Additionally, the study focused primarily on higher education contexts and did not extensively explore industry perspectives on digital literacy requirements. This limitation reflects challenges in bridging academic and industry perspectives. Future research could incorporate employer viewpoints to further align educational approaches with industry expectations for entrepreneurial digital literacy.

8. Conclusions

This study breaks new ground in conceptualising digital literacy as a spectrum of transformative thresholds rather than binary competencies, revealing the critical intersection between digital capabilities and EE in South African higher education.
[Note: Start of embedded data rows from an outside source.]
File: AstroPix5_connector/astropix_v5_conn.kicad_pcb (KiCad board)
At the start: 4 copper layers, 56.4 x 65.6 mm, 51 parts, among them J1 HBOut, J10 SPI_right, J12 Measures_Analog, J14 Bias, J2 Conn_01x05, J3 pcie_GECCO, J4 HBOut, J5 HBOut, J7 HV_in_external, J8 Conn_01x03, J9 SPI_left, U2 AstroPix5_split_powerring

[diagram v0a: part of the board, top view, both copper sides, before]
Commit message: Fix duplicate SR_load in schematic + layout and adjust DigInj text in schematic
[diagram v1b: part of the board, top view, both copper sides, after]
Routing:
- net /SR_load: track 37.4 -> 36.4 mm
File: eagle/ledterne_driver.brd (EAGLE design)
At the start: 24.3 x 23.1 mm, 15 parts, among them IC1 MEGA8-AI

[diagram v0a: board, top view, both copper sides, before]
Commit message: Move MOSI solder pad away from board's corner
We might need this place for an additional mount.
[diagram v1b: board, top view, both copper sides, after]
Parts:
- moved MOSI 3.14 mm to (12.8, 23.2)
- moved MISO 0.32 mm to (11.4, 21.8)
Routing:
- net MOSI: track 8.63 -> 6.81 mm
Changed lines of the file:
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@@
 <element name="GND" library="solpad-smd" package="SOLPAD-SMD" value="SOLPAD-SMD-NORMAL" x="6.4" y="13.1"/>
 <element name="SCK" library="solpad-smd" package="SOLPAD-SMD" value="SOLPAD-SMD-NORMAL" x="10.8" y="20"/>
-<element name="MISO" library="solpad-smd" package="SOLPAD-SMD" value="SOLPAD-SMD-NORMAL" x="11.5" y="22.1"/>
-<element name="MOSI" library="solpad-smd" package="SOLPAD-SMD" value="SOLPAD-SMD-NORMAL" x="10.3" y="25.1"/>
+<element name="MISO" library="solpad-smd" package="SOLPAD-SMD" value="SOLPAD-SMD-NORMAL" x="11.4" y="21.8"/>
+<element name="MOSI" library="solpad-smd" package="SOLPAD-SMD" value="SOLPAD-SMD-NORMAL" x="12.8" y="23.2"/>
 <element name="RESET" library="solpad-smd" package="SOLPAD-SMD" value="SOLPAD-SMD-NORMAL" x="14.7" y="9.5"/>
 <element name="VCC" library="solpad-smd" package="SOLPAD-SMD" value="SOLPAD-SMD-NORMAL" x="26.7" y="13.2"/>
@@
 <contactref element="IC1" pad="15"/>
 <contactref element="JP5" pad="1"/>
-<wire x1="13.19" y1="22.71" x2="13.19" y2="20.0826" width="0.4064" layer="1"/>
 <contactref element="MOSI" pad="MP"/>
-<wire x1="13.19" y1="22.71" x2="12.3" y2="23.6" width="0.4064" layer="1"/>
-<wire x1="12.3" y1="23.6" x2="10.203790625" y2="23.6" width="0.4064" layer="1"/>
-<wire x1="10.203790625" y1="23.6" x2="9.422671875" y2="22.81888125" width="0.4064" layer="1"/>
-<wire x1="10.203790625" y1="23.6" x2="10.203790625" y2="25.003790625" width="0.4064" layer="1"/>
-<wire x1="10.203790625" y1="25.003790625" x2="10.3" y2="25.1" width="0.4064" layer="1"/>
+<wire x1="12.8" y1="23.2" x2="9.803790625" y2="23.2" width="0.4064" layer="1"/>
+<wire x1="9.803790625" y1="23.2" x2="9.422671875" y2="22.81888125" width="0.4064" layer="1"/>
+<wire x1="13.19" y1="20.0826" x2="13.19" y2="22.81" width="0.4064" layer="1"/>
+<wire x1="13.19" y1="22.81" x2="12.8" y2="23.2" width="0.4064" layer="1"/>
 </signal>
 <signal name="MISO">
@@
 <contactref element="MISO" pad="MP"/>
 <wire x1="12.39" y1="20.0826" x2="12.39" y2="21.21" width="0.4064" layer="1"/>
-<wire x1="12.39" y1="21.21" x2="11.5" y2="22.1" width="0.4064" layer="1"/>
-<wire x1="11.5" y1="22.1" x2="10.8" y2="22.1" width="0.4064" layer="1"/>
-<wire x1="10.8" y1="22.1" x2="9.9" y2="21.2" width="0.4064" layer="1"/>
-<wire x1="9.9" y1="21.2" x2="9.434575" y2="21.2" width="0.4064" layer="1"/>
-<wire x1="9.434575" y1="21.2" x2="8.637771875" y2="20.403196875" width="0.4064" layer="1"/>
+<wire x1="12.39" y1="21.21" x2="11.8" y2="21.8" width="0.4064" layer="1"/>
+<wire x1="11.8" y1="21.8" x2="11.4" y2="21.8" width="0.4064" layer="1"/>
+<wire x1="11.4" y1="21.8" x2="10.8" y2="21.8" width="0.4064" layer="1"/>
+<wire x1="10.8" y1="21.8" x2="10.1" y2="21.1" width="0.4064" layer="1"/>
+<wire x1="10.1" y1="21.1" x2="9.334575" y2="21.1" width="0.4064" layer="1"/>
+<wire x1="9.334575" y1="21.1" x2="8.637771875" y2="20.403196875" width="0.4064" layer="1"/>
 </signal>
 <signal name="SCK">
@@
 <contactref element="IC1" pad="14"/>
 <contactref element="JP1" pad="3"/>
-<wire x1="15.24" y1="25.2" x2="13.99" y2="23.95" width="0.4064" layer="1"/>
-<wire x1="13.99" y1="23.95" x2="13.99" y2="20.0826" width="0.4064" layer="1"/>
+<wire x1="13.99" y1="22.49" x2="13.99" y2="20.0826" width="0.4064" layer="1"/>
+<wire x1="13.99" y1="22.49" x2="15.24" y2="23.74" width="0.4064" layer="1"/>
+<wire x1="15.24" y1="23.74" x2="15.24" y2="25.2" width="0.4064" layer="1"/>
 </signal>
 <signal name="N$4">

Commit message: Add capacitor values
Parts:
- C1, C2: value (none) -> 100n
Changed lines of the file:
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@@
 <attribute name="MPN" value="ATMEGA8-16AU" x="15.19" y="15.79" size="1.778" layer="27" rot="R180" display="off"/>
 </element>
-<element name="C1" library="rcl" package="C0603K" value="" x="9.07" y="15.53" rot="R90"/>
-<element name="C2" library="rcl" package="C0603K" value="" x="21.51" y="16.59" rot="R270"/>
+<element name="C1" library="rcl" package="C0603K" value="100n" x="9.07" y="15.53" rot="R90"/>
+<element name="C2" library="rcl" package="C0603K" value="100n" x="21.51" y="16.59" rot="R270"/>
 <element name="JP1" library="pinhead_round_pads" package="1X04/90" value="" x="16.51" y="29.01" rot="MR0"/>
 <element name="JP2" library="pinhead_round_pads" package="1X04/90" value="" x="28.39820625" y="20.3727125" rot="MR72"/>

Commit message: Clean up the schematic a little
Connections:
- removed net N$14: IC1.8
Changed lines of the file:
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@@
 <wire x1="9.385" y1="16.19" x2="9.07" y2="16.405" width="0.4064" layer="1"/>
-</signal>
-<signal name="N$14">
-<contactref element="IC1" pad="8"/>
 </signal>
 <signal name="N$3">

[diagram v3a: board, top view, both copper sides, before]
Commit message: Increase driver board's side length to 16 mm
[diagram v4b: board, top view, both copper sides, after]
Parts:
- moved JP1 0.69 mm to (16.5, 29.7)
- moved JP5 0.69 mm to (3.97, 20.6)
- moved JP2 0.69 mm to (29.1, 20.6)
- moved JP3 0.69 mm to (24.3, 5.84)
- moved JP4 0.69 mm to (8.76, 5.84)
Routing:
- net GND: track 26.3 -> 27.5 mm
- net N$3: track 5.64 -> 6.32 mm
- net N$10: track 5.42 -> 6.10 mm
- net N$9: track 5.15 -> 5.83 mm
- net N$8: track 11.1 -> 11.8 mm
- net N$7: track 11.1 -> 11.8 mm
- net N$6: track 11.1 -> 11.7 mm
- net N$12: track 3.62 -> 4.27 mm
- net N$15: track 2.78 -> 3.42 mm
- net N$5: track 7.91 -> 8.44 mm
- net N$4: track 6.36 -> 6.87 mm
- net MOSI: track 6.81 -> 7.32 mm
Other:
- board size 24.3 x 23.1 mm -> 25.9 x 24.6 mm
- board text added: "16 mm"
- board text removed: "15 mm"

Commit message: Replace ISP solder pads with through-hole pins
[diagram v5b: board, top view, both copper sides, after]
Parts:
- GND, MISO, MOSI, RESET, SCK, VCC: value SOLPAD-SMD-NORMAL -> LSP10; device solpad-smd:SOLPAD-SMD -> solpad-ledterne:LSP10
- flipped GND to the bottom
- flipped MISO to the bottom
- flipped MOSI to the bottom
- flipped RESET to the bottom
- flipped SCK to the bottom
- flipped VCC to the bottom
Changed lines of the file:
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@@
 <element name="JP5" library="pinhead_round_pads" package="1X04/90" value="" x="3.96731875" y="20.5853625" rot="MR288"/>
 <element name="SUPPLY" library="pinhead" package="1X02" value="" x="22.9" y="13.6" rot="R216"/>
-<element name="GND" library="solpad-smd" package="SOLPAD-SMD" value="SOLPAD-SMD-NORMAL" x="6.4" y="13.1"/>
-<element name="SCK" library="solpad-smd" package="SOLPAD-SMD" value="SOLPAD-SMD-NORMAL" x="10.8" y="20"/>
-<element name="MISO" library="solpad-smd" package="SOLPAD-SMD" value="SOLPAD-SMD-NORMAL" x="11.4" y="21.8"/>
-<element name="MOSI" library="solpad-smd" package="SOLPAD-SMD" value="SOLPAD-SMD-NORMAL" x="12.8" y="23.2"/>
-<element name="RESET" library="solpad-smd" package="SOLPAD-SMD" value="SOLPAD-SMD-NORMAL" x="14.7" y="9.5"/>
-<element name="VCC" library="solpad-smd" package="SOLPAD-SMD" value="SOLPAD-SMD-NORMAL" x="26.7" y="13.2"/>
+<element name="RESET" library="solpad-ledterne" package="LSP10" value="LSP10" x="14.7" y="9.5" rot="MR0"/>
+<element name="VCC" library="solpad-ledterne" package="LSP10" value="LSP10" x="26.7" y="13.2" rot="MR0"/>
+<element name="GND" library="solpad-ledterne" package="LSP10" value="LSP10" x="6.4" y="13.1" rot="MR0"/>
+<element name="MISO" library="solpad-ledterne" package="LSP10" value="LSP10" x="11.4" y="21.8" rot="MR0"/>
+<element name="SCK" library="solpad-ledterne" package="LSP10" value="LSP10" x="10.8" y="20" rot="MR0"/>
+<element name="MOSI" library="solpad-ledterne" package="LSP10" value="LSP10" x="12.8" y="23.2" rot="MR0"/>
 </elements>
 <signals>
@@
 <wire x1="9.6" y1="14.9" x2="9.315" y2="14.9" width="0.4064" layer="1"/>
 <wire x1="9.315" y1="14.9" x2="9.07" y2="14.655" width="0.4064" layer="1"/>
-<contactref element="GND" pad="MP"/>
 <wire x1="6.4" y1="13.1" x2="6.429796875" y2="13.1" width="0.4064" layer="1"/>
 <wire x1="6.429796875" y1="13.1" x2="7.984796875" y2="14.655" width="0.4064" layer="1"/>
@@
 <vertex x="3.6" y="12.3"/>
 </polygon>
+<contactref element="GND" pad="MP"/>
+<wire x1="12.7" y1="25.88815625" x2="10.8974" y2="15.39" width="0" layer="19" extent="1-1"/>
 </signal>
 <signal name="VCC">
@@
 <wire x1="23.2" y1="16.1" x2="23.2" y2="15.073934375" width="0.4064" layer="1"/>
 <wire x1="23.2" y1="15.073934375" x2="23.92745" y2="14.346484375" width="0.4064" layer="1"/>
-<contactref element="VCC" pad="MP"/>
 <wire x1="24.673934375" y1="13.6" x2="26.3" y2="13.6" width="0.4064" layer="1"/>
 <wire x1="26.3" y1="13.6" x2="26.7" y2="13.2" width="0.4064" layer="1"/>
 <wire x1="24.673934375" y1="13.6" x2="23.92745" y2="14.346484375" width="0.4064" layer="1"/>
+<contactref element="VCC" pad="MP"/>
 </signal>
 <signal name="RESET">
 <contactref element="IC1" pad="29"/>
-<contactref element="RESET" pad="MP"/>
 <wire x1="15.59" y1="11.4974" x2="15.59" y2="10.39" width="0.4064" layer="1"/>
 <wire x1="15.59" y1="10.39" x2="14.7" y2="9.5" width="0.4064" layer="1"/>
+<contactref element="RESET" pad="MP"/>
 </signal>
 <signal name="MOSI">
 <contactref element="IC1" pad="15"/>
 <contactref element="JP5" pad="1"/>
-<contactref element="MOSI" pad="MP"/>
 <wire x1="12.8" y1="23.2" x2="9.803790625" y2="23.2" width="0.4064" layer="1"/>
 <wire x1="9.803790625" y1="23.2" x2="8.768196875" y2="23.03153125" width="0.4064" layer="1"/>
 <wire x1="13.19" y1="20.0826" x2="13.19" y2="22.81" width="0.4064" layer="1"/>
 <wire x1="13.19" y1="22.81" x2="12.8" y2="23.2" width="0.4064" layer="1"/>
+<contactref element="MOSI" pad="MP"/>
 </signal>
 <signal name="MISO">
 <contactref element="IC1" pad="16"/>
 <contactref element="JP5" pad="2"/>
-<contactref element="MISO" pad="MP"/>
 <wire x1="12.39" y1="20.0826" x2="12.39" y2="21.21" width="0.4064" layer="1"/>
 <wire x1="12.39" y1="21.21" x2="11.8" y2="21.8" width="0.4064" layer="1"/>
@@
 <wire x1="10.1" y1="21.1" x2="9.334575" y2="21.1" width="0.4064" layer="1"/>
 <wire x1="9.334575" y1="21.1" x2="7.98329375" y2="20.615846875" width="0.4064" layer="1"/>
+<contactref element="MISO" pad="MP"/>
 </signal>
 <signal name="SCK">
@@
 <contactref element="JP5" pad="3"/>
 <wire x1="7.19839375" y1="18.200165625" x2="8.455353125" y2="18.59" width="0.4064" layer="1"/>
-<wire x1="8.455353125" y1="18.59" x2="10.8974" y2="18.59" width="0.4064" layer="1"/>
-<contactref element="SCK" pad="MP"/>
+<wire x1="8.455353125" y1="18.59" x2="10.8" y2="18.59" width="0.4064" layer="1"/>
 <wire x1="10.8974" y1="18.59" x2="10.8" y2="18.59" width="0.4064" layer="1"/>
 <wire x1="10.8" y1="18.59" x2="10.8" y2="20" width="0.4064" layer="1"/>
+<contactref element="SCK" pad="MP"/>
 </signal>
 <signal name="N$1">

By applying threshold concept theory to digital literacy development, our research identifies specific transformative junctures that distinguish passive digital consumption from active entrepreneurial creation, demonstrating that preparing students for Industry 4.0 requires addressing not just technical access but fundamental pedagogical challenges.

Therefore, this study makes three original contributions to digital literacy scholarship:

First, we introduce the concept of ‘entrepreneurial digital thresholds’—specific transformative junctures unique to entrepreneurial contexts that extend beyond general digital literacy frameworks.

Second, we develop the ‘digital literacy structuration’ framework, demonstrating how individual agency, institutional structures, and technological affordances recursively shape digital competence development in ways not captured by existing models.

Third, we provide empirical evidence challenging the digital native paradigm in the Global South context, revealing complex competency variations that demand nuanced, contextually responsive educational interventions.

These contributions are particularly significant for South African higher education as they provide actionable pathways for addressing the digital divide while preparing graduates for meaningful participation in the global digital economy.